• [Activity]
Go over the lines below, and when one contains the word "hood", copy it.

Start of Records provided

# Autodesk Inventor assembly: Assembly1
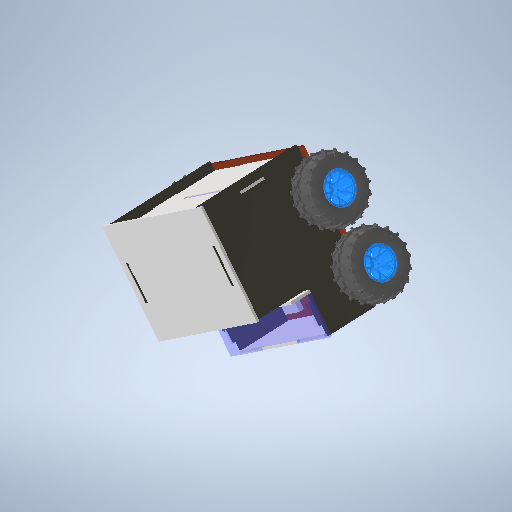
[picture p0: Inventor's stored thumbnail of the model, 512x512]
Saved by Autodesk Inventor 2025.3 (Build 293356030, 356C)
## iProperties
Created: 2026-06-26
Part Number: Assembly1
Document SubType Name: Assembly
Designer: user
Author: user
## Documents named in this file (12)
- C:\Docs\shcool\dojo\Design_2\Assembly1.iam
- C:\Docs\shcool\dojo\Design_2\hood.ipt
- C:\Docs\shcool\dojo\Design_2\side.ipt
- C:\Docs\shcool\dojo\Design_2\top.ipt
- C:\Docs\shcool\dojo\Design_2\back.ipt
- C:\Docs\shcool\dojo\Design_2\base_2.ipt
- C:\Docs\shcool\dojo\Design_1\Hub-12-Eixo6_aluminio.ipt
- C:\Docs\shcool\dojo\Design_1\motor.ipt
- C:\Docs\shcool\dojo\Design_1\Spiked Rubber Wheel 120mm.ipt
- C:\Docs\shcool\dojo\Design_2\cover.ipt
- C:\Docs\shcool\dojo\Design_2\front.ipt
- C:\Docs\shcool\dojo\Design_2\U-bracket.ipt
## Components (24 placed, 11 different names)
1. hood:1 — Mate:42, Mate:43, Mate:47, Mate:49, Mate:71, Mate:72
2. side:1 — Mate:44, Mate:48, Mate:70, Mate:73, Mate:74
3. top:1 — Mate:5, Mate:6
4. side:2 — Mate:5, Mate:6, Mate:7, Mate:8
5. back:1 — Mate:7, Mate:8, Mate:42, Mate:43, Mate:44, Mate:70
6. base_2:1 — Mate:57, Mate:58, Mate:59, Mate:60, Mate:61, Mate:73, Mate:74
7. motor:1 — Insert:3, Mate:63, Mate:68
8. Hub-12-Eixo6_aluminio:2 — Insert:3, Mate:29, Mate:30
9. Spiked Rubber Wheel 120mm:2 — Mate:29, Mate:30
10. front:1 — Mate:71, Mate:72
11. cover:1 — Mate:47, Mate:48, Mate:49
12. motor:2 — Mate:65, Mate:69
13. Hub-12-Eixo6_aluminio:3
14. Spiked Rubber Wheel 120mm:3
15. motor:3 — Mate:62, Mate:67
16. Hub-12-Eixo6_aluminio:4
17. Spiked Rubber Wheel 120mm:4
18. motor:4 — Mate:64, Mate:66
19. Hub-12-Eixo6_aluminio:5
20. Spiked Rubber Wheel 120mm:5
21. U-bracket:1 — Mate:57, Mate:58, Mate:62, Mate:67
22. U-bracket:2 — Mate:60, Mate:65, Mate:69
23. U-bracket:3 — Mate:59, Mate:64, Mate:66
24. U-bracket:4 — Mate:61, Mate:63, Mate:68
## Relationships (40: Mate 36, Insert 4)
- Mate:5: top:1 ↔ side:2
- Mate:6: top:1 ↔ side:2
- Mate:7: side:2 ↔ back:1
- Mate:8: side:2 ↔ back:1
- Insert:3: motor:1 ↔ Hub-12-Eixo6_aluminio:2
- Mate:29: Hub-12-Eixo6_aluminio:2 ↔ Spiked Rubber Wheel 120mm:2
- Mate:30: Hub-12-Eixo6_aluminio:2 ↔ Spiked Rubber Wheel 120mm:2
- Mate:42: hood:1 ↔ back:1
- Mate:43: hood:1 ↔ back:1
- Mate:44: side:1 ↔ back:1
- Mate:47: hood:1 ↔ cover:1
- Mate:48: side:1 ↔ cover:1
- Mate:49: hood:1 ↔ cover:1
- [Insert]: motor:2 ↔ Hub-12-Eixo6_aluminio:3
- [Mate]: Hub-12-Eixo6_aluminio:3 ↔ Spiked Rubber Wheel 120mm:3
- [Mate]: Hub-12-Eixo6_aluminio:3 ↔ Spiked Rubber Wheel 120mm:3
- [Insert]: motor:3 ↔ Hub-12-Eixo6_aluminio:4
- [Mate]: Hub-12-Eixo6_aluminio:4 ↔ Spiked Rubber Wheel 120mm:4
- [Mate]: Hub-12-Eixo6_aluminio:4 ↔ Spiked Rubber Wheel 120mm:4
- [Insert]: motor:4 ↔ Hub-12-Eixo6_aluminio:5
- [Mate]: Hub-12-Eixo6_aluminio:5 ↔ Spiked Rubber Wheel 120mm:5
- [Mate]: Hub-12-Eixo6_aluminio:5 ↔ Spiked Rubber Wheel 120mm:5
- Mate:57: base_2:1 ↔ U-bracket:1
- Mate:58: base_2:1 ↔ U-bracket:1
- Mate:59: base_2:1 ↔ U-bracket:3
- Mate:60: base_2:1 ↔ U-bracket:2
- Mate:61: base_2:1 ↔ U-bracket:4
- Mate:62: motor:3 ↔ U-bracket:1
- Mate:63: motor:1 ↔ U-bracket:4
- Mate:64: motor:4 ↔ U-bracket:3
- Mate:65: motor:2 ↔ U-bracket:2
- Mate:66: motor:4 ↔ U-bracket:3
- Mate:67: motor:3 ↔ U-bracket:1
- Mate:68: motor:1 ↔ U-bracket:4
- Mate:69: motor:2 ↔ U-bracket:2
- Mate:70: side:1 ↔ back:1
- Mate:71: hood:1 ↔ front:1
- Mate:72: hood:1 ↔ front:1
- Mate:73: side:1 ↔ base_2:1
- Mate:74: side:1 ↔ base_2:1
## Named parameters: d85_d39 = 0 mm, d86_d47 = 0 mm, d87_d48 = 0 mm, d88_d39 = 0 mm, d89_d47 = 0 mm, d90_d48 = 0 mm, d91_d39 = 0 mm, d92_d47 = 0 mm, d93_d48 = 0 mm

End of Records provided

• [Your response]
- C:\Docs\shcool\dojo\Design_2\hood.ipt
1. hood:1 — Mate:42, Mate:43, Mate:47, Mate:49, Mate:71, Mate:72
- Mate:42: hood:1 ↔ back:1
- Mate:43: hood:1 ↔ back:1
- Mate:47: hood:1 ↔ cover:1
- Mate:49: hood:1 ↔ cover:1
- Mate:71: hood:1 ↔ front:1
- Mate:72: hood:1 ↔ front:1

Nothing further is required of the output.